After that comes a future Sparc T chip using the new core, but packing more of them on a chip and running them at higher frequencies, and if I had to guess, that looks like "Cascade Falls," which on the old Sun roadmap was die in late 2012 and had 16 cores and eight threads per core.

Today, Oracle said that this next-generation chip - let's call it the T4+ - would have more cores, higher clock speeds, larger cache memories, a next-generation memory controller, new I/O, and more sophisticated power management; the aim here is to have increased system throughput compared to earlier Sparc T machines. This chip will use 28 nanometer processes, too.

Further out, there is yet another Sparc chip, also in 28 nanometer processes, with higher clock frequencies, much larger caches, plus the next generation memory and I/O support and the ability to expand beyond more sockets.

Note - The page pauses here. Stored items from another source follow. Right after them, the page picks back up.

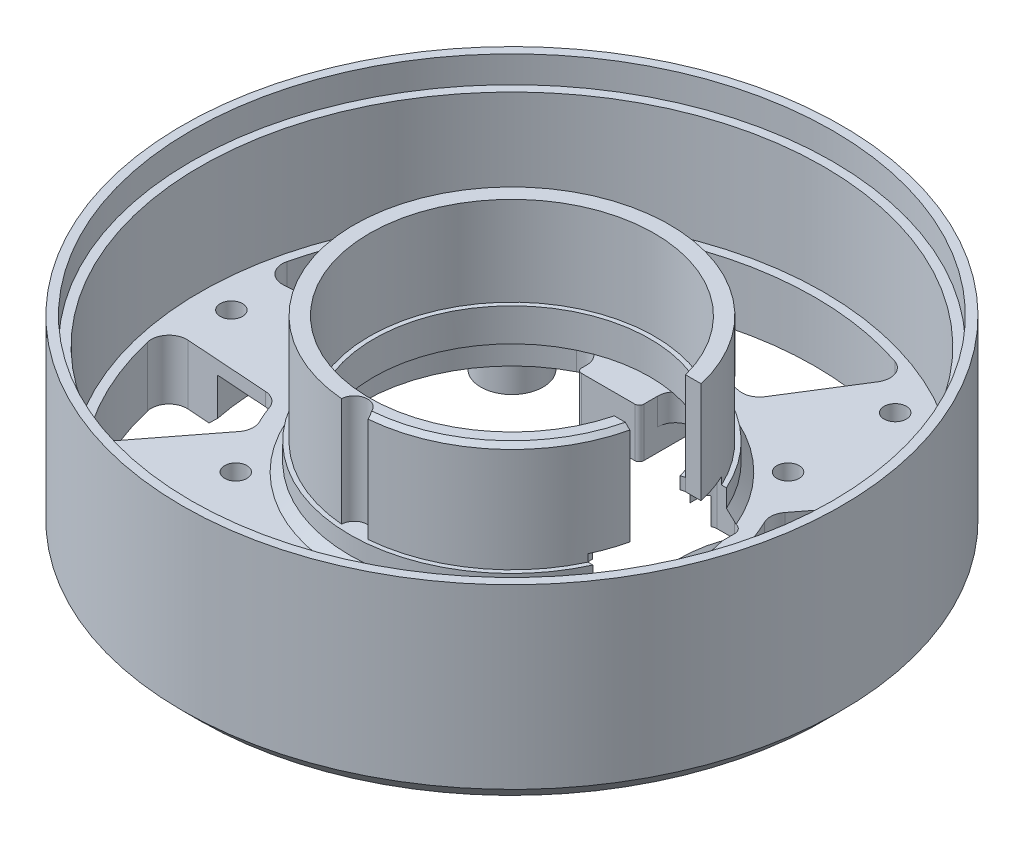
SolidWorks part; units mm, degrees
ref_plane "Front Plane" through (0, 0, 0) normal (0, 0, 1) x (1, 0, 0)
ref_plane "Top Plane" through (0, 0, 0) normal (0, 1, 0) x (1, 0, 0)
ref_plane "Right Plane" through (0, 0, 0) normal (1, 0, 0) x (0, 0, -1)
ref_axis "Axis1" through (0, 0, 0) along (0, 1, 0)
sketch "Sketch1" plane through (0, 0, 0) normal (0, 0, 1) x (1, 0, 0)
  line L0 (0, 0) -> (0, -50277.2651) construction
  line L1 (-17.7, 6) -> (-17.7, -6.2)
  line L2 (-17.7, -6.2) -> (-18.2, -6.2)
  line L3 (-18.2, -6.2) -> (-18.2, -8.2)
  line L4 (-19.2, -9.2) -> (-35, -9.2)
  line L7 (-35, -9.2) -> (-35, 3)
  line L8 (-35, 3) -> (-36, 3)
  line L9 (-36, 3) -> (-36, 6)
  line L10 (-36, 6) -> (-37, 6)
  line L11 (-37, 6) -> (-37, -13.9)
  line L12 (-35, -15.9) -> (-28, -15.9)
  line L13 (-28, -15.9) -> (-28, -10.7)
  line L14 (-28, -10.7) -> (-16.7, -10.7)
  line L23 (-16, -4) -> (-16, 6)
  line L24 (-16, 6) -> (-17.7, 6)
  line L25 (-14.9533, -4) -> (14.9533, -4) construction
  line L26 (19.25, 6) -> (-19.25, 6) construction
  line L27 (-34, 8) -> (-34, -6) construction
  line L28 (-19.25, -6) -> (19.25, -6) construction
  line L31 (-16, -4) -> (-15.5, -4)
  line L32 (11.5, -15.9) -> (-11.5, -15.9) construction
  line L37 (-16.7, -10.7) -> (-16.7, -7.7)
  line L38 (-16.7, -7.7) -> (-15.5, -7.7)
  line L42 (-37, -13.9) -> (-35, -15.9)
  line L44 (-18.2, -8.2) -> (-19.2, -9.2)
  line L50 (-15.5, -4) -> (-15.5, -7.7)
  point P6 (-18.2, -9.2)
  point P15 (-37, -15.9)
  point P31 (-31.5, -15.9)
  dimension "D1" = 35.4
  dimension "D2" = 32
  dimension "D3" = 0.5
  dimension "D4" = 3
  dimension "D5" = 1
  dimension "D6" = 1.5
  dimension "D7" = 0.2
  dimension "D8" = 2
  dimension "D9" = 3
  dimension "D10" = 72
  dimension "D11" = 1.5
  dimension "D12" = 0.5
  dimension "D13" = 63
  dimension "D14" = 1.5
revolve "Revolve1" add sketch "Sketch1" angle 360 about L0
sketch "Sketch2" plane through (0, 0, 0) normal (0, 1, 0) x (1, 0, 0)
  circle A0 centre (0, -17.7) radius 1.5
  circle A1 centre (0, 0) radius 17.7 construction
  circle A2 centre (0, 0) radius 17.7 construction
  dimension "D1" = 3
extrude "Cut-Extrude2" cut sketch "Sketch2" along normal up to next and the other way up to surface other way up to face at (0, -6.2, 18.2)
sketch "Sketch3" plane through (0, 0, 0) normal (0, 1, 0) x (1, 0, 0)
  circle A0 centre (-15.5, -15.5) radius 3.5
  circle A1 centre (15.5, -15.5) radius 3.5
  circle A2 centre (15.5, 15.5) radius 3.5
  circle A3 centre (-15.5, 15.5) radius 3.5
  dimension "D1" = 7
extrude "Boss-Extrude1" add sketch "Sketch3" against normal up to surface (4 mm away) from surface at -10.7 starting at face at (0, -10.7, 16.7)
hole_wizard "M3x0.5 Tapped Hole1" positions "Sketch4" profile "Sketch6" tap size "M3x0.5" standard "ANSI Metric" end condition through all
sketch "Sketch4" plane through (0, -14.7, 0) normal (0, -1, 0) x (-1, 0, 0)
  point P0 (-15.5, 15.5)
  point P3 (15.5, 15.5)
  point P6 (15.5, -15.5)
  point P9 (-15.5, -15.5)
sketch "Sketch6" plane through (15.5, -14.7, -15.5) normal (1, 0, 0) x (0, 0, -1)
  line L0 (0, 0) -> (0, 20.7)
  line L1 (0, 20.7) -> (1.25, 20.7)
  line L2 (1.25, 20.7) -> (1.25, 0.35)
  line L3 (1.25, 0.35) -> (1.6, 0)
  line L5 (1.6, 0) -> (0, 0)
  line L6 (-1.25, 0.35) -> (-1.6, 0) construction
  line L11 (0, -6.35) -> (0, 107.95) construction
  dimension "Thru Tap Drill Dia." = 2.5
  dimension "Thru Tap Drill Depth" = 20.7
  dimension "Near C'Sink Dia." = 3.2
  dimension "Near C'Sink Angle" = 90
cosmetic thread "Hole Thread5" parameters "D2"=3
cosmetic thread "Hole Thread6" parameters "D2"=3
cosmetic thread "Hole Thread7" parameters "D2"=3
cosmetic thread "Hole Thread8" parameters "D2"=3
sketch "Sketch7" plane through (0, 0, 0) normal (0, 1, 0) x (1, 0, 0)
  line L0 (-4.2, 18.5) -> (1.8, 12.5) construction
  line L1 (-4.2, 12) -> (1.8, 12)
  line L2 (-4.7, 12.5) -> (-4.7, 18.5)
  line L3 (-4.2, 19) -> (1.8, 19)
  line L4 (2.3, 12.5) -> (2.3, 18.5)
  arc A0 (1.8, 12) -> (2.3, 12.5) centre (1.8, 12.5) ccw
  arc A1 (-4.7, 18.5) -> (-4.2, 19) centre (-4.2, 18.5) cw
  arc A2 (1.8, 19) -> (2.3, 18.5) centre (1.8, 18.5) cw
  arc A3 (-4.2, 12) -> (-4.7, 12.5) centre (-4.2, 12.5) cw
  point P12 (-1.2, 15.5)
  dimension "D1" = 0.5
  dimension "D2" = 15.5
  dimension "D3" = 1.2
  dimension "D4" = 7
  dimension "D5" = 7
extrude "Boss-Extrude2" add sketch "Sketch7" against normal offset from surface (5.5 mm away) 1.5 from surface at -7.7 starting at face at (0, -7.7, 15.5)
sketch "Sketch10" plane through (0, 0, 0) normal (0, 1, 0) x (1, 0, 0)
  line L1 (15.5, 4) -> (17.5, 4)
  line L2 (14.5, 3) -> (14.5, -3)
  line L3 (15.5, -4) -> (17.5, -4)
  line L4 (18.5, 3) -> (18.5, -3)
  line L5 (14.5, 4) -> (18.5, -4) construction
  line L6 (14.5, -4) -> (18.5, 4) construction
  arc A0 (17.5, -4) -> (18.5, -3) centre (17.5, -3) ccw
  arc A1 (17.5, 4) -> (18.5, 3) centre (17.5, 3) cw
  arc A2 (14.5, -3) -> (15.5, -4) centre (15.5, -3) ccw
  arc A3 (15.5, 4) -> (14.5, 3) centre (15.5, 3) ccw
  circle A4 centre (0, 0) radius 16 construction
  circle A5 centre (0, 0) radius 16 construction
  point P0 (16.5, 0)
  point P5 (16, 0)
  dimension "D1" = 1
  dimension "D3" = 4
  dimension "D4" = 8
  dimension "D5" = 2.5
extrude "Cut-Extrude5" cut sketch "Sketch10" against normal through all both and the other way through all
chamfer "Chamfer1" distance 0.5 angle 45 1 edges at (11.5884, 6, 13.379)
hole_wizard "M3x0.5 Tapped Hole2" positions "Sketch11" profile "Sketch12" tap size "M3x0.5" standard "ANSI Metric" end condition through all
sketch "Sketch11" plane through (0, -15.9, 0) normal (0, -1, 0) x (-1, 0, 0)
  circle A0 centre (0, 0) radius 31.5 construction
  point P0 (-31.5, 0)
  dimension "D2" = 63
sketch "Sketch12" plane through (31.5, -15.9, 0) normal (1, 0, 0) x (0, 0, -1)
  line L0 (0, 0) -> (0, 21.9)
  line L1 (0, 21.9) -> (1.25, 21.9)
  line L2 (1.25, 21.9) -> (1.25, 0.35)
  line L3 (1.25, 0.35) -> (1.6, 0)
  line L5 (1.6, 0) -> (0, 0)
  line L6 (-1.25, 0.35) -> (-1.6, 0) construction
  line L11 (0, -6.35) -> (0, 107.95) construction
  dimension "Thru Tap Drill Dia." = 2.5
  dimension "Thru Tap Drill Depth" = 21.9
  dimension "Near C'Sink Dia." = 3.2
  dimension "Near C'Sink Angle" = 90
cosmetic thread "Hole Thread12" parameters "D2"=3
pattern_circular "CirPattern2" count 6 over 360 about axis through (0, 0, 0) along (0, 1, 0) of "M3x0.5 Tapped Hole2"
sketch "Sketch13" plane through (0, 0, 0) normal (0, 1, 0) x (1, 0, 0)
  line L0 (0, 0) -> (-50000, 0) construction
  line L1 (0, 0) -> (0, 50000) construction
  line L4 (-11.773, 29.3067) -> (-6.8945, 21.5451)
  line L6 (11.773, 29.3067) -> (6.8945, 21.5451)
  line L7 (11.773, -29.3067) -> (6.8945, -21.5451)
  line L8 (-11.773, -29.3067) -> (-6.8945, -21.5451)
  line L17 (19.2664, 11.3995) -> (25.0786, 18.9201)
  line L18 (31.0063, 5.364) -> (21.6421, 6.0019)
  line L19 (31.0063, -5.364) -> (21.6421, -6.0019)
  line L20 (19.2664, -11.3995) -> (25.0786, -18.9201)
  line L21 (-19.2664, -11.3995) -> (-25.0786, -18.9201)
  line L22 (-31.0063, -5.364) -> (-21.6421, -6.0019)
  line L23 (-31.0063, 5.364) -> (-21.6421, 6.0019)
  line L24 (-19.2664, 11.3995) -> (-25.0786, 18.9201)
  arc A0 (-10.7097, 32.2692) -> (10.7097, 32.2692) centre (0, 0) cw
  arc A5 (-4.7528, 20.6604) -> (4.7528, 20.6604) centre (0, 0) cw
  circle A16 centre (0, 0) radius 35 construction
  arc A17 (-4.7528, -20.6604) -> (4.7528, -20.6604) centre (0, 0) ccw
  arc A18 (-10.7097, -32.2692) -> (10.7097, -32.2692) centre (0, 0) ccw
  arc A27 (19.0516, 9.2992) -> (19.9006, 7.3079) centre (0, 0) cw
  arc A28 (28.3274, 18.8032) -> (33.0887, 7.8193) centre (0, 0) cw
  arc A29 (28.3274, -18.8032) -> (33.0887, -7.8193) centre (0, 0) ccw
  arc A30 (19.0516, -9.2992) -> (19.9006, -7.3079) centre (0, 0) ccw
  arc A31 (-19.0516, -9.2992) -> (-19.9006, -7.3079) centre (0, 0) cw
  arc A32 (-28.3274, -18.8032) -> (-33.0887, -7.8193) centre (0, 0) cw
  arc A33 (-28.3274, 18.8032) -> (-33.0887, 7.8193) centre (0, 0) ccw
  arc A34 (-19.0516, 9.2992) -> (-19.9006, 7.3079) centre (0, 0) ccw
  arc A35 (-19.9006, 7.3079) -> (-21.6421, 6.0019) centre (-21.778, 7.9973) cw
  arc A36 (-19.0516, 9.2992) -> (-19.2664, 11.3995) centre (-20.8489, 10.1765) ccw
  arc A37 (-33.0887, 7.8193) -> (-31.0063, 5.364) centre (-31.1423, 7.3593) ccw
  arc A38 (-28.3274, 18.8032) -> (-25.0786, 18.9201) centre (-26.6611, 17.6971) cw
  arc A39 (-33.0887, -7.8193) -> (-31.0063, -5.364) centre (-31.1423, -7.3593) cw
  arc A40 (-28.3274, -18.8032) -> (-25.0786, -18.9201) centre (-26.6611, -17.6971) ccw
  arc A41 (-19.9006, -7.3079) -> (-21.6421, -6.0019) centre (-21.778, -7.9973) ccw
  arc A42 (-19.0516, -9.2992) -> (-19.2664, -11.3995) centre (-20.8489, -10.1765) cw
  arc A43 (19.9006, -7.3079) -> (21.6421, -6.0019) centre (21.778, -7.9973) cw
  arc A44 (19.0516, -9.2992) -> (19.2664, -11.3995) centre (20.8489, -10.1765) ccw
  arc A45 (33.0887, -7.8193) -> (31.0063, -5.364) centre (31.1423, -7.3593) ccw
  arc A46 (28.3274, -18.8032) -> (25.0786, -18.9201) centre (26.6611, -17.6971) cw
  arc A47 (33.0887, 7.8193) -> (31.0063, 5.364) centre (31.1423, 7.3593) cw
  arc A48 (28.3274, 18.8032) -> (25.0786, 18.9201) centre (26.6611, 17.6971) ccw
  arc A49 (10.7097, -32.2692) -> (11.773, -29.3067) centre (10.0797, -30.371) ccw
  arc A50 (-10.7097, -32.2692) -> (-11.773, -29.3067) centre (-10.0797, -30.371) cw
  arc A51 (4.7528, -20.6604) -> (6.8945, -21.5451) centre (5.2012, -22.6095) cw
  arc A52 (-4.7528, -20.6604) -> (-6.8945, -21.5451) centre (-5.2012, -22.6095) ccw
  arc A53 (19.9006, 7.3079) -> (21.6421, 6.0019) centre (21.778, 7.9973) ccw
  arc A54 (4.7528, 20.6604) -> (6.8945, 21.5451) centre (5.2012, 22.6095) ccw
  arc A55 (-4.7528, 20.6604) -> (-6.8945, 21.5451) centre (-5.2012, 22.6095) cw
  arc A56 (10.7097, 32.2692) -> (11.773, 29.3067) centre (10.0797, 30.371) cw
  arc A57 (19.0516, 9.2992) -> (19.2664, 11.3995) centre (20.8489, 10.1765) cw
  arc A58 (-10.7097, 32.2692) -> (-11.773, 29.3067) centre (-10.0797, 30.371) ccw
  arc A59 (-4.6855, 18.6195) -> (-2.7641, 19) centre (0, 0) ccw construction
  point P9 (0, 21.2)
  point P10 (0, 34)
  point P50 (-20.3055, 6.093)
  point P53 (-18.4823, 10.3849)
  point P56 (-33.602, 5.1871)
  point P59 (-26.7125, 21.0343)
  point P62 (-33.602, -5.1871)
  point P65 (-26.7125, -21.0343)
  point P68 (-20.3055, -6.093)
  point P71 (-18.4823, -10.3849)
  point P74 (20.3055, -6.093)
  point P77 (18.4823, -10.3849)
  point P80 (33.602, -5.1871)
  point P83 (26.7125, -21.0343)
  point P86 (33.602, 5.1871)
  point P89 (26.7125, 21.0343)
  point P92 (13.0786, -31.3839)
  point P95 (-13.0786, -31.3839)
  point P98 (6.1118, -20.2999)
  point P101 (-6.1118, -20.2999)
  point P104 (20.3055, 6.093)
  point P107 (6.1118, 20.2999)
  point P110 (-6.1118, 20.2999)
  point P113 (13.0786, 31.3839)
  point P116 (18.4823, 10.3849)
  point P119 (-13.0786, 31.3839)
  dimension "D1" = 2
  dimension "D2" = 1
  dimension "D3" = 2
extrude "Cut-Extrude6" cut sketch "Sketch13" against normal through all
fillet "Fillet1" radius 2 2 edges at (2.3, -9.2, -16.5409) (-4.7, -9.2, -16.025)
sketch "Sketch14" plane through (0, 0, 0) normal (0, 1, 0) x (1, 0, 0)
  line L0 (0, 0) -> (16.5, 0) construction
  line L1 (18.5, 3) -> (18.5, -3) construction
  line L6 (15.5, -7.5) -> (17.5, -7.5)
  line L7 (14.5, -6.5) -> (14.5, 6.5)
  line L8 (15.5, 7.5) -> (17.5, 7.5)
  line L9 (18.5, -6.5) -> (18.5, 6.5)
  line L10 (14.5, -7.5) -> (18.5, 7.5) construction
  line L11 (14.5, 7.5) -> (18.5, -7.5) construction
  line L12 (14.5, 3) -> (14.5, -3) construction
  arc A7 (17.5, -7.5) -> (18.5, -6.5) centre (17.5, -6.5) ccw
  arc A8 (14.5, 6.5) -> (15.5, 7.5) centre (15.5, 6.5) cw
  arc A9 (15.5, -7.5) -> (14.5, -6.5) centre (15.5, -6.5) cw
  arc A10 (17.5, 7.5) -> (18.5, 6.5) centre (17.5, 6.5) cw
  dimension "D1" = 1
  dimension "D2" = 13
extrude "Cut-Extrude7" cut sketch "Sketch14" along normal offset from surface 11.38 and the other way through all from surface
sketch "Sketch15" plane through (0, -10.7, 0) normal (0, -1, 0) x (1, 0, 0)
  line L1 (14.5, 5.4772) -> (14.5, 6.5)
  line L11 (14.5, 5.4772) -> (14.5, 6.5)
  arc A1 (14.9905, 7.3604) -> (-7.6116, -14.8645) centre (0, 0) ccw
  arc A9 (-7.6116, -14.8645) -> (-5.3403, -14.551) centre (-6.7, -13.0843) ccw
  arc A10 (-7.6116, -14.8645) -> (-5.3403, -14.551) centre (-6.7, -13.0843) ccw
  arc A11 (14.5, 5.4772) -> (-5.3403, -14.551) centre (0, 0) ccw
  arc A12 (14.5, 5.4772) -> (-5.3403, -14.551) centre (0, 0) ccw
  arc A18 (14.9905, 7.3604) -> (14.5, 6.5) centre (15.5, 6.5) ccw
  arc A20 (14.9905, 7.3604) -> (14.5, 6.5) centre (15.5, 6.5) ccw
  arc A21 (14.9905, 7.3604) -> (-7.6116, -14.8645) centre (0, 0) ccw
  dimension "D1" = 0
extrude "Boss-Extrude3" [suppressed] add sketch "Sketch15" against normal up to surface (3 mm away)
chamfer "Chamfer2" distance 1 angle 45 6 edges at (28, -15.9, 0) (17.1305, -15.9, 22.1482) (-17.1305, -15.9, 22.1482) (-28, -15.9, 0) (-17.1305, -15.9, -22.1482) (17.1305, -15.9, -22.1482)
sketch "Sketch16" plane through (0, 0, 0) normal (0, 0, 1) x (1, 0, 0)
  line L0 (-17.7, -6.2) -> (-18.2, -6.2)
  line L1 (-18.2, -6.2) -> (-18.2, -8.2)
  line L2 (-18.2, -8.2) -> (-19.2, -9.2)
  line L3 (-19.2, -9.2) -> (-23.3334, -9.2)
  line L4 (-19.2, -9.2) -> (-35, -9.2) construction
  line L5 (-23.3334, -9.2) -> (-23.3334, -3.0666)
  line L6 (-23.3334, -3.0666) -> (-17.7, -3.0666)
  line L7 (-17.7, 6) -> (-17.7, -6.2) construction
  line L8 (-17.7, -3.0666) -> (-17.7, -6.2)
revolve "Cut-Revolve1" cut sketch "Sketch16" angle 360 about axis through (0, 0, 0) along (0, 1, 0)
fillet "Fillet2" [suppressed] radius 0.5

An "improved everything" chip, as the Oracle Sparc roadmap put it.

This chip does not appear to be the Cascade Falls or Yellowstone Falls chip, the latter of which was due in 2012 originally with four cores, eight threads, and supporting from 4 to 192 sockets in a single system image. I just don't believe that Oracle is going to create such a huge box, unless it is using a 120 Gb/sec InfiniBand switch as an SMP backplane and it is really a glorified cluster.

Not that there is anything wrong with a glorified cluster, so long as it looks and smells like an SMP or NUMA server to the operating system and applications.

Beyond this, Splain was all excited about Oracle having four chips in development at the same time, as if this had never happened before. And he added that within the next 12 to 15 months, a faster Sparc64-VII+ chip was due. At 3 GHz compared to the current 2.88 GHz, as the original Sun roadmap from June 2009 showed, don't get too excited. And Oracle did nothing to clear up what happens to the Sparc64-based product line beyond this point.

Cindy Reese, the senior vice president at Oracle in charge of the Sun supply chain, said that Oracle was shifting its new hardware manufacturing operation from a build-to-stock manufacturing operation, typical of a channel-focused company, to a build-to-order operation, typical of one that has direct relations with its customers.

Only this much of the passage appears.